> _DESCRIPTION OF THE TASK_:
In the entries that follow, which lines hold the string "Mode"? List them.

> _AVAILABLE RECORDS_:
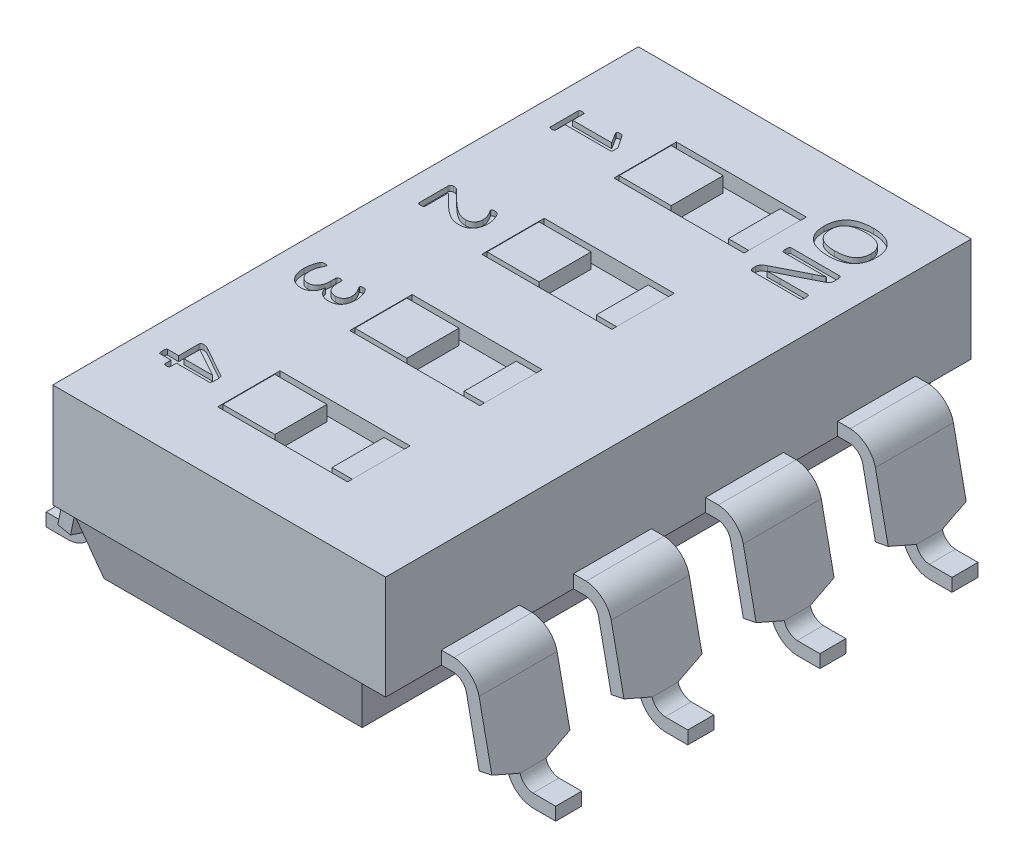
from build123d import *

# Parameters (mm, degrees)
SKETCH1_W                 = 6.4
SKETCH1_H                 = 2
BOSS_EXTRUDE1_DEPTH       = 11.26
SKETCH3_W                 = 5.5
SKETCH3_H                 = 11.26
BOSS_EXTRUDE2_DEPTH       = 1
BOSS_EXTRUDE2_TAPER       = 15
BOSS_EXTRUDE3_DEPTH       = 1.5
CUT_EXTRUDE1_DEPTH        = 14.463996838
SKETCH6_W                 = 1.075878149
SKETCH6_H                 = 0.544890631
SKETCH6_H_2               = 0.541853054
CUT_EXTRUDE2_DEPTH        = 14.633928031
LPATTERN1_COUNT           = 4
LPATTERN1_PITCH           = 2.54
MIRROR1_COPY_1_DEPTH      = 1.5
MIRROR1_COPY_2_DEPTH      = 1.5
MIRROR1_COPY_3_DEPTH      = 1.5
MIRROR1_COPY_4_DEPTH      = 14.463996838
MIRROR1_COPY_5_DEPTH      = 14.463996838
MIRROR1_COPY_6_DEPTH      = 14.463996838
MIRROR1_COPY_7_SKETCH_W   = 1.075878149
MIRROR1_COPY_7_SKETCH_H   = 0.544890631
MIRROR1_COPY_7_SKETCH_H_2 = 0.541853054
MIRROR1_COPY_7_DEPTH      = 14.633928031
MIRROR1_COPY_8_SKETCH_W   = 1.075878149
MIRROR1_COPY_8_SKETCH_H   = 0.544890631
MIRROR1_COPY_8_SKETCH_H_2 = 0.541853054
MIRROR1_COPY_8_DEPTH      = 14.633928031
MIRROR1_COPY_9_SKETCH_W   = 1.075878149
MIRROR1_COPY_9_SKETCH_H   = 0.544890631
MIRROR1_COPY_9_SKETCH_H_2 = 0.541853054
MIRROR1_COPY_9_DEPTH      = 14.633928031
SKETCH7_W                 = 2.5
SKETCH7_H                 = 1.2
CUT_EXTRUDE3_DEPTH        = 0.5
SKETCH8_W                 = 2.5
SKETCH8_H                 = 1.2
BOSS_EXTRUDE4_DEPTH       = 0.2
SKETCH9_W                 = 1
SKETCH9_H                 = 1
SKETCH9_W_2               = 0.4
BOSS_EXTRUDE5_DEPTH       = 0.29
LPATTERN2_COUNT           = 4
LPATTERN2_PITCH           = 2.54
CUT_EXTRUDE_1_DEPTH       = 0.1


with BuildPart() as part:
    # Sketch1 → Boss-Extrude1 (new body)
    with BuildSketch(Plane.XY):
        with Locations((3.2, 1)):
            Rectangle(SKETCH1_W, SKETCH1_H)
    extrude(amount=BOSS_EXTRUDE1_DEPTH)

    # Sketch3 → Boss-Extrude2 (add)
    with BuildSketch(Plane.XZ):
        with Locations((3.2, 5.63)):
            Rectangle(SKETCH3_W, SKETCH3_H)
    extrude(amount=BOSS_EXTRUDE2_DEPTH, taper=BOSS_EXTRUDE2_TAPER)

    # Sketch4 → Boss-Extrude3 (add)
    with BuildSketch(Plane.XY.offset(10.19)):
        with BuildLine():
            Line((0, 0.25), (-0.246171761, 0.25))
            ThreePointArc((-0.246171761, 0.25), (-0.554195762, 0.125012352), (-0.72701005, -0.158952292))
            Line((-0.72701005, -0.158952292), (-1.01402555, -1.543536682))
            ThreePointArc((-1.01402555, -1.543536682), (-1.106345513, -1.685456773), (-1.26286535, -1.75))
            Line((-1.26286535, -1.75), (-1.7, -1.75))
            Line((-1.7, -1.75), (-1.7, -2))
            Line((-1.7, -2), (-1.253405123, -2))
            ThreePointArc((-1.253405123, -2), (-0.947758808, -1.878721464), (-0.770747325, -1.601602197))
            Line((-0.770747325, -1.601602197), (-0.482890076, -0.212957144))
            ThreePointArc((-0.482890076, -0.212957144), (-0.393953766, -0.066905047), (-0.236586053, 0))
            Line((-0.236586053, 0), (0, 0))
            Line((0, 0), (0, 0.25))
        make_face()
    boss_extrude3 = extrude(amount=-BOSS_EXTRUDE3_DEPTH)

    # Sketch5 → Cut-Extrude1 (cut, through all)
    with BuildSketch(Plane(origin=(-0.665464806, 0.137946603, 0), x_dir=(0, 0, 1), z_dir=(-0.9791832101750784, 0.20297842474319372, 0))):
        Polygon((9.69, -1.717230512), (10.19, -1.517230512), (10.19, -1.717230512), align=None)
        Polygon((8.69, -1.717230512), (8.69, -1.517230512), (9.19, -1.717230512), align=None)
    cut_extrude1 = extrude(amount=-CUT_EXTRUDE1_DEPTH, mode=Mode.SUBTRACT)

    # Sketch6 → Cut-Extrude2 (cut, through all)
    with BuildSketch(Plane(origin=(-0.348560744, -1.681483286, 0), x_dir=(0.9791832101750784, -0.20297842474319375, 0), z_dir=(0.20297842474319375, 0.9791832101750784, 0))):
        with Locations((-0.967551224, -9.962445316)):
            Rectangle(SKETCH6_W, SKETCH6_H)
        with Locations((-0.967551224, -8.919073473)):
            Rectangle(SKETCH6_W, SKETCH6_H_2)
    cut_extrude2 = extrude(amount=-CUT_EXTRUDE2_DEPTH, mode=Mode.SUBTRACT)

    # LPattern1: Boss-Extrude3, Cut-Extrude1, Cut-Extrude2 ×4
    with Locations(*[(0, 0, -i * LPATTERN1_PITCH) for i in range(1, LPATTERN1_COUNT)]):
        add(boss_extrude3)
        add(cut_extrude1, mode=Mode.SUBTRACT)
        add(cut_extrude2, mode=Mode.SUBTRACT)

    # Mirror1: Boss-Extrude3, Cut-Extrude1, Cut-Extrude2 across plane
    add(boss_extrude3.mirror(Plane.ZY.offset(-3.2)))
    add(cut_extrude1.mirror(Plane.ZY.offset(-3.2)), mode=Mode.SUBTRACT)
    add(cut_extrude2.mirror(Plane.ZY.offset(-3.2)), mode=Mode.SUBTRACT)

    # Mirror1 copy 1 sketch → Mirror1 copy 1 (add)
    with BuildSketch(Plane(origin=(6.4, 0, 7.65), x_dir=(-1, 0, 0), z_dir=(0, 0, 1))):
        with BuildLine():
            Line((0, -0.25), (-0.246171761, -0.25))
            ThreePointArc((-0.246171761, -0.25), (-0.554195762, -0.125012352), (-0.72701005, 0.158952292))
            Line((-0.72701005, 0.158952292), (-1.01402555, 1.543536682))
            ThreePointArc((-1.01402555, 1.543536682), (-1.106345513, 1.685456773), (-1.26286535, 1.75))
            Line((-1.26286535, 1.75), (-1.7, 1.75))
            Line((-1.7, 1.75), (-1.7, 2))
            Line((-1.7, 2), (-1.253405123, 2))
            ThreePointArc((-1.253405123, 2), (-0.947758808, 1.878721464), (-0.770747325, 1.601602197))
            Line((-0.770747325, 1.601602197), (-0.482890076, 0.212957144))
            ThreePointArc((-0.482890076, 0.212957144), (-0.393953766, 0.066905047), (-0.236586053, 0))
            Line((-0.236586053, 0), (0, 0))
            Line((0, 0), (0, -0.25))
        make_face()
    extrude(amount=-MIRROR1_COPY_1_DEPTH)

    # Mirror1 copy 2 sketch → Mirror1 copy 2 (add)
    with BuildSketch(Plane(origin=(6.4, 0, 5.11), x_dir=(-1, 0, 0), z_dir=(0, 0, 1))):
        with BuildLine():
            Line((0, -0.25), (-0.246171761, -0.25))
            ThreePointArc((-0.246171761, -0.25), (-0.554195762, -0.125012352), (-0.72701005, 0.158952292))
            Line((-0.72701005, 0.158952292), (-1.01402555, 1.543536682))
            ThreePointArc((-1.01402555, 1.543536682), (-1.106345513, 1.685456773), (-1.26286535, 1.75))
            Line((-1.26286535, 1.75), (-1.7, 1.75))
            Line((-1.7, 1.75), (-1.7, 2))
            Line((-1.7, 2), (-1.253405123, 2))
            ThreePointArc((-1.253405123, 2), (-0.947758808, 1.878721464), (-0.770747325, 1.601602197))
            Line((-0.770747325, 1.601602197), (-0.482890076, 0.212957144))
            ThreePointArc((-0.482890076, 0.212957144), (-0.393953766, 0.066905047), (-0.236586053, 0))
            Line((-0.236586053, 0), (0, 0))
            Line((0, 0), (0, -0.25))
        make_face()
    extrude(amount=-MIRROR1_COPY_2_DEPTH)

    # Mirror1 copy 3 sketch → Mirror1 copy 3 (add)
    with BuildSketch(Plane(origin=(6.4, 0, 2.57), x_dir=(-1, 0, 0), z_dir=(0, 0, 1))):
        with BuildLine():
            Line((0, -0.25), (-0.246171761, -0.25))
            ThreePointArc((-0.246171761, -0.25), (-0.554195762, -0.125012352), (-0.72701005, 0.158952292))
            Line((-0.72701005, 0.158952292), (-1.01402555, 1.543536682))
            ThreePointArc((-1.01402555, 1.543536682), (-1.106345513, 1.685456773), (-1.26286535, 1.75))
            Line((-1.26286535, 1.75), (-1.7, 1.75))
            Line((-1.7, 1.75), (-1.7, 2))
            Line((-1.7, 2), (-1.253405123, 2))
            ThreePointArc((-1.253405123, 2), (-0.947758808, 1.878721464), (-0.770747325, 1.601602197))
            Line((-0.770747325, 1.601602197), (-0.482890076, 0.212957144))
            ThreePointArc((-0.482890076, 0.212957144), (-0.393953766, 0.066905047), (-0.236586053, 0))
            Line((-0.236586053, 0), (0, 0))
            Line((0, 0), (0, -0.25))
        make_face()
    extrude(amount=-MIRROR1_COPY_3_DEPTH)

    # Mirror1 copy 4 sketch → Mirror1 copy 4 (cut, through all)
    with BuildSketch(Plane(origin=(7.065464806, 0.137946603, -2.54), x_dir=(0, 0, 1), z_dir=(0.9791832101750784, 0.20297842474319372, 0))):
        Polygon((9.69, 1.717230512), (10.19, 1.517230512), (10.19, 1.717230512), align=None)
        Polygon((8.69, 1.717230512), (8.69, 1.517230512), (9.19, 1.717230512), align=None)
    extrude(amount=-MIRROR1_COPY_4_DEPTH, mode=Mode.SUBTRACT)

    # Mirror1 copy 5 sketch → Mirror1 copy 5 (cut, through all)
    with BuildSketch(Plane(origin=(7.065464806, 0.137946603, -5.08), x_dir=(0, 0, 1), z_dir=(0.9791832101750784, 0.20297842474319372, 0))):
        Polygon((9.69, 1.717230512), (10.19, 1.517230512), (10.19, 1.717230512), align=None)
        Polygon((8.69, 1.717230512), (8.69, 1.517230512), (9.19, 1.717230512), align=None)
    extrude(amount=-MIRROR1_COPY_5_DEPTH, mode=Mode.SUBTRACT)

    # Mirror1 copy 6 sketch → Mirror1 copy 6 (cut, through all)
    with BuildSketch(Plane(origin=(7.065464806, 0.137946603, -7.62), x_dir=(0, 0, 1), z_dir=(0.9791832101750784, 0.20297842474319372, 0))):
        Polygon((9.69, 1.717230512), (10.19, 1.517230512), (10.19, 1.717230512), align=None)
        Polygon((8.69, 1.717230512), (8.69, 1.517230512), (9.19, 1.717230512), align=None)
    extrude(amount=-MIRROR1_COPY_6_DEPTH, mode=Mode.SUBTRACT)

    # Mirror1 copy 7 sketch → Mirror1 copy 7 (cut, through all)
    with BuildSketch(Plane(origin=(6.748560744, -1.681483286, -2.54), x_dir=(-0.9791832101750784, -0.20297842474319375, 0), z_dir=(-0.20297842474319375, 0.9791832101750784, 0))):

> _ANSWER BOX_:
    cut_extrude1 = extrude(amount=-CUT_EXTRUDE1_DEPTH, mode=Mode.SUBTRACT)
    cut_extrude2 = extrude(amount=-CUT_EXTRUDE2_DEPTH, mode=Mode.SUBTRACT)
        add(cut_extrude1, mode=Mode.SUBTRACT)
        add(cut_extrude2, mode=Mode.SUBTRACT)
    add(cut_extrude1.mirror(Plane.ZY.offset(-3.2)), mode=Mode.SUBTRACT)
    add(cut_extrude2.mirror(Plane.ZY.offset(-3.2)), mode=Mode.SUBTRACT)
    extrude(amount=-MIRROR1_COPY_4_DEPTH, mode=Mode.SUBTRACT)
    extrude(amount=-MIRROR1_COPY_5_DEPTH, mode=Mode.SUBTRACT)
    extrude(amount=-MIRROR1_COPY_6_DEPTH, mode=Mode.SUBTRACT)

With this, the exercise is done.